By Rachel Goff
Like tiny veins, trails extend from the hearts of forested areas throughout The Valley, climbing mountains, following rivers and passing through meadows and people’s backyards. Sometimes they end in a sign on a summit, sometimes they end in back of a supermarket and sometimes they end in the middle of nowhere at all.
In 2010, the Mad River Valley Planning District (MRVPD) formed the Mad River Valley Trails Collaborative to better bring together the various clubs and organizations that build and maintain The Valley’s many trails and on Monday, June 25, of this year, the Trails Collaborative finalized an updated map of its extensive system.
The map, which will feature popular hikes on the Long Trail alongside lesser-known routes, such as trails surrounding Harwood Union High School and Ole’s Cross Country Center, is going to print later this week, and it should be available in stores for a small fee starting next month.

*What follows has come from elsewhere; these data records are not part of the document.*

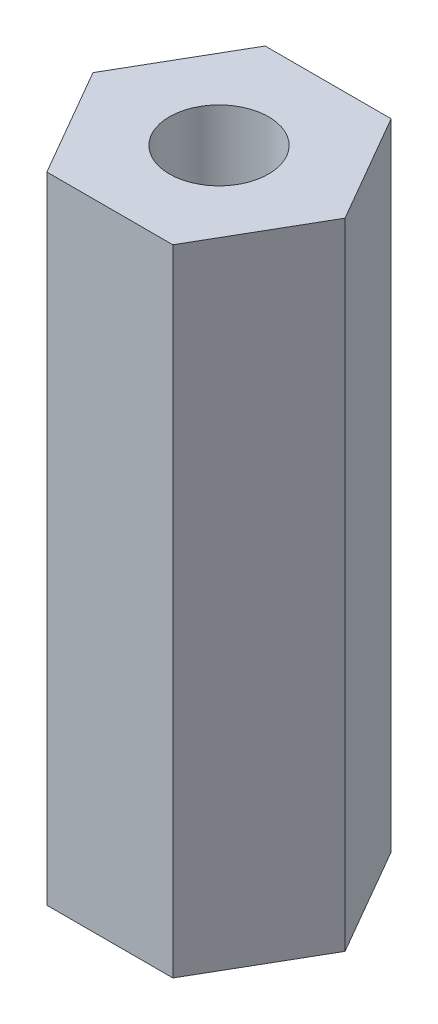
from build123d import *

# Parameters (mm, degrees)
SKETCH1_R           = 1.25
BOSS_EXTRUDE1_DEPTH = 16


with BuildPart() as part:
    # Sketch1 → Boss-Extrude1 (new body)
    with BuildSketch(Plane(origin=(0, 0, 0), x_dir=(1, 0, 0), z_dir=(0, 1, 0))):
        Polygon((3.175426481, 0), (1.58771324, 2.75), (-1.58771324, 2.75), (-3.175426481, 0), (-1.58771324, -2.75), (1.58771324, -2.75), align=None)
        with Locations(Location((0, 0, 0), (0, 0, 270))):
            Circle(SKETCH1_R, mode=Mode.SUBTRACT)
    extrude(amount=BOSS_EXTRUDE1_DEPTH)


solid = part.part
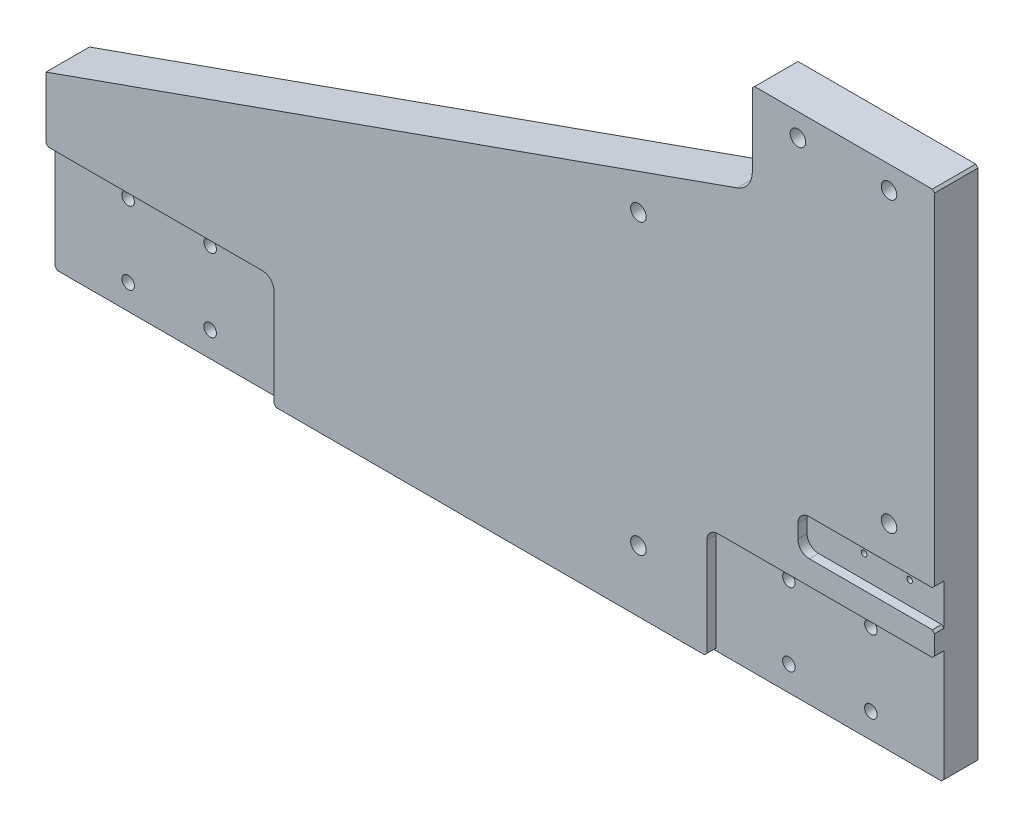
from build123d import *

# Parameters (mm, degrees)
BOSS_EXTRUDE1_DEPTH       = 19.05
CUT_EXTRUDE2_DEPTH        = 4.05
M5_CLEARANCE_HOLE1_D      = 5.5
M5_CLEARANCE_HOLE2_D      = 5.5
M3X0_5_TAPPED_HOLE1_D     = 2.5
M3X0_5_TAPPED_HOLE1_DEPTH = 7.5
M3X0_5_TAPPED_HOLE1_TIP   = 0.751075774
M8X1_25_TAPPED_HOLE1_D    = 6.8
FILLET1_R                 = 10
CHAMFER1_SIZE             = 1


with BuildPart() as part:
    # Sketch1 → Boss-Extrude1 (new body)
    with BuildSketch(Plane.XY):
        Polygon((-195, 50), (-195, -27), (195, -27), (195, 200), (115, 200), (115, 160), align=None)
    extrude(amount=BOSS_EXTRUDE1_DEPTH)

    # Sketch2 → Cut-Extrude2 (cut)
    with BuildSketch(Plane(origin=(0, 0, 0), x_dir=(-1, 0, 0), z_dir=(0, 0, -1))):
        with BuildLine():
            Line((-195, -27), (-95, -27))
            Line((-95, -27), (-95, 17))
            ThreePointArc((-95, 17), (-96.464466094, 20.535533906), (-100, 22))
            Line((-100, 22), (-195, 22))
            Line((-195, 22), (-195, -27))
        make_face()
        with BuildLine():
            Line((195, -27), (195, 22))
            Line((195, 22), (100, 22))
            ThreePointArc((100, 22), (96.464466094, 20.535533906), (95, 17))
            Line((95, 17), (95, -27))
            Line((95, -27), (195, -27))
        make_face()
        with BuildLine():
            Line((-195, 48.5), (-140, 48.5))
            ThreePointArc((-140, 48.5), (-136.464466094, 47.035533906), (-135, 43.5))
            Line((-135, 43.5), (-135, 37.5))
            ThreePointArc((-135, 37.5), (-136.464466094, 33.964466094), (-140, 32.5))
            Line((-140, 32.5), (-195, 32.5))
            Line((-195, 32.5), (-195, 48.5))
        make_face()
    extrude(amount=-CUT_EXTRUDE2_DEPTH, mode=Mode.SUBTRACT)

    # M5 Clearance Hole1 (through all)
    with Locations(Plane(origin=(0, 0, 4.05), x_dir=(-1, 0, 0), z_dir=(0, 0, -1))):
        with Locations((127, 16), (163, 16), (163, -16), (127, -16)):
            Hole(M5_CLEARANCE_HOLE1_D / 2)

    # M5 Clearance Hole2 (through all)
    with Locations(Plane(origin=(0, 0, 4.05), x_dir=(-1, 0, 0), z_dir=(0, 0, -1))):
        with Locations((-163, 16), (-127, 16), (-127, -16), (-163, -16)):
            Hole(M5_CLEARANCE_HOLE2_D / 2)

    # M3x0.5 Tapped Hole1
    with Locations(Plane(origin=(0, 0, 4.05), x_dir=(-1, 0, 0), z_dir=(0, 0, -1))):
        with Locations((-180, 42.5), (-160, 42.5)):
            Hole(M3X0_5_TAPPED_HOLE1_D / 2, depth=M3X0_5_TAPPED_HOLE1_DEPTH)
            with Locations((0, 0, -(M3X0_5_TAPPED_HOLE1_DEPTH + M3X0_5_TAPPED_HOLE1_TIP / 2))):  # 118° drill point
                Cone(0, M3X0_5_TAPPED_HOLE1_D / 2, M3X0_5_TAPPED_HOLE1_TIP, mode=Mode.SUBTRACT)

    # M8x1.25 Tapped Hole1 (through all)
    with Locations(Plane(origin=(0, 0, 0), x_dir=(-1, 0, 0), z_dir=(0, 0, -1))):
        with Locations((-175, 190), (-135, 190), (-65, 126.666666667), (-175, 63.333333333), (-65, 0)):
            Hole(M8X1_25_TAPPED_HOLE1_D / 2)

    # Fillet1
    fillet1_edges = [part.edges().sort_by_distance(p)[0] for p in [
        (115, 160, 9.525),
    ]]
    fillet(fillet1_edges, radius=FILLET1_R)

    # Chamfer1
    chamfer1_edges = [part.edges().sort_by_distance(p)[0] for p in [
        (115, 200, 9.525),
        (195, 200, 9.525),
        (195, -27, 11.55),
        (-195, -27, 11.55),
        (195, 48.5, 2.025),
        (195, 32.5, 2.025),
        (-95, -27, 2.025),
        (-195, 22, 2.025),
        (95, -27, 2.025),
        (195, 22, 2.025),
    ]]
    chamfer(chamfer1_edges, length=CHAMFER1_SIZE)


with BuildPart() as body_2:
    # Mirror1: mirrored copy
    add(part.part.mirror(Plane.XY))


solid = body_2.part
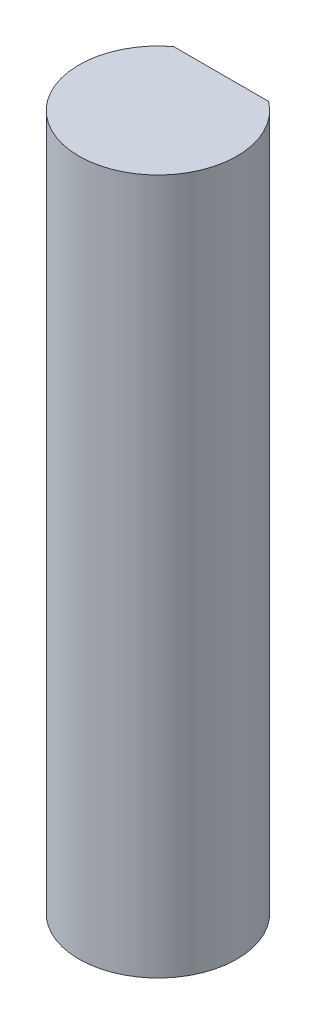
from build123d import *

# Parameters (mm, degrees)
SKETCH1_R           = 2.5
BOSS_EXTRUDE1_DEPTH = 22
CUT_EXTRUDE1_START  = -15
CUT_EXTRUDE1_DEPTH  = 15


with BuildPart() as part:
    # Sketch1 → Boss-Extrude1 (new body)
    with BuildSketch(Plane(origin=(0, 0, 0), x_dir=(1, 0, 0), z_dir=(0, 1, 0))):
        with Locations(Location((0, 0, 0), (0, 0, 270))):
            Circle(SKETCH1_R)
    extrude(amount=BOSS_EXTRUDE1_DEPTH)

    # Sketch2 → Cut-Extrude1 (cut)
    with BuildSketch(Plane(origin=(0, 22, 0), x_dir=(1, 0, 0), z_dir=(0, 1, 0)).offset(CUT_EXTRUDE1_START)):
        with BuildLine():
            ThreePointArc((1.5, 2), (0, 2.5), (-1.5, 2))
            Line((-1.5, 2), (1.5, 2))
        make_face()
    extrude(amount=CUT_EXTRUDE1_DEPTH, mode=Mode.SUBTRACT)


solid = part.part
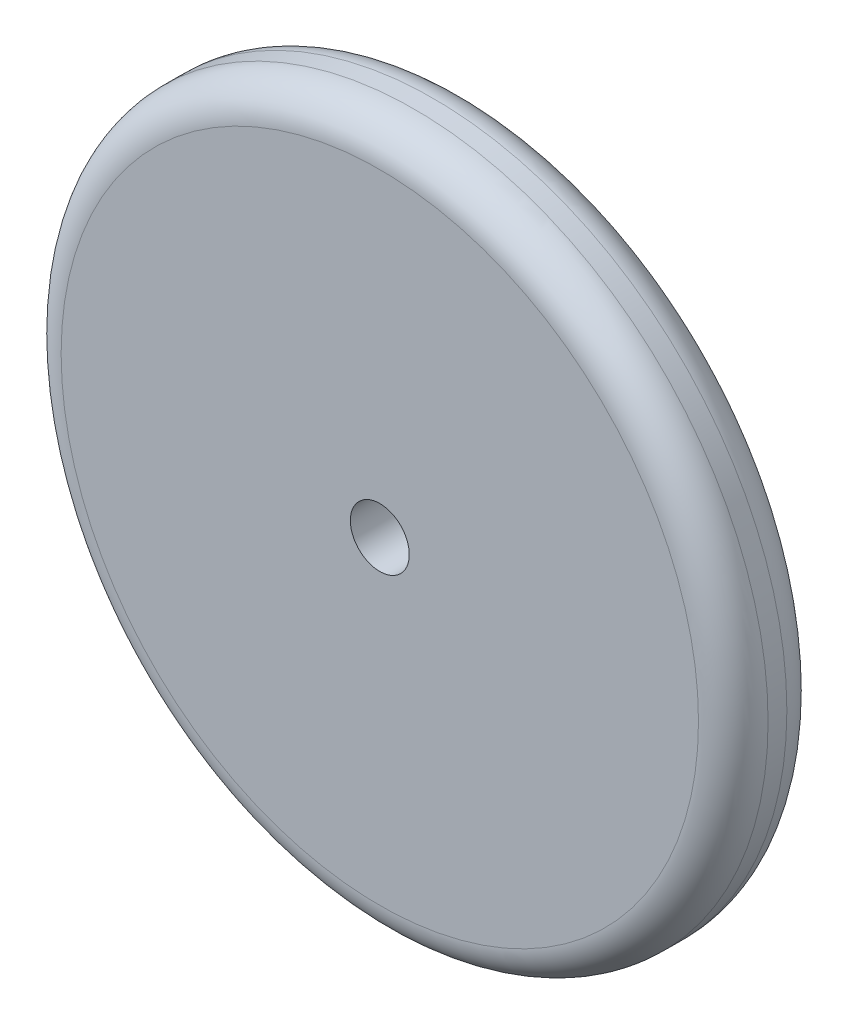
from build123d import *

# Parameters (mm, degrees)
SKETCH1_R           = 152.4
SKETCH1_R_2         = 12.7
BOSS_EXTRUDE1_DEPTH = 38.1
FILLET1_R           = 15


with BuildPart() as part:
    # Sketch1 → Boss-Extrude1 (new body)
    with BuildSketch(Plane.XY):
        with Locations(Location((0, 0, 0), (0, 0, 180))):
            Circle(SKETCH1_R)
        with Locations(Location((0, 0, 0), (0, 0, 180))):
            Circle(SKETCH1_R_2, mode=Mode.SUBTRACT)
    extrude(amount=BOSS_EXTRUDE1_DEPTH)

    # Fillet1
    fillet1_edges = [part.edges().sort_by_distance(p)[0] for p in [
        (152.4, 0, 0),
        (152.4, 0, 38.1),
    ]]
    fillet(fillet1_edges, radius=FILLET1_R)


solid = part.part

There’s a wide “spectrum” of trails in The Valley, Joshua Schwartz explains, from seemingly secret neighborhood trails to trails that receive a lot of out-of-state traffic. Schwartz is the director of the MRVPD and the driving force behind the Trails Collaborative’s inception and most recent GPS-aided accomplishment.
The new map will help acquaint both locals and those less familiar with the area with the variety of trails available for their use (as all property owners have granted their permission for their trails’ inclusion, of course). “It’s a really exciting project,” Schwartz said, “and I think it could have a lot of impact of economic development [in The Valley].”
Creating the map was just one of the Trails Collaborative’s many goals, however. As an organization, the Trails Collaborative also hopes to establish a unified web presence for The Valley’s trails as well as provide support for the work that goes into building the trails.
“Let’s know what we have, let other people know, and let’s take care of it,” Schwartz said, summarizing the group’s overall mission. Right now, he’s focusing on the “take care of it.”
“There’s a lot of trail work happening in The Valley this summer,” Schwartz said, as he’s been able to leverage state resources and convince the Vermont Youth Conservation Corps (VYCC) to focus their efforts in the Mad River area.
Of the four specific trail work project grants that Schwartz applied for, three of them received funding. For one of the funded projects, which will take place this summer, VYCC members will work on restoring a washed-out section of trail in the Mill Brook Town Forest in Fayston.
Overall, the VYCC will put in 15 weeks of trail work in The Valley this summer. One of the reasons Schwartz was able to secure workers and funding for the Trails Collaborative’s projects is simply because “we have so much to offer,” he said.
To become acquainted with these offerings, buy one of the new maps and pick out a trail you’ve never heard of before. Because no matter how well you think you may know an area, there’s always more to explore.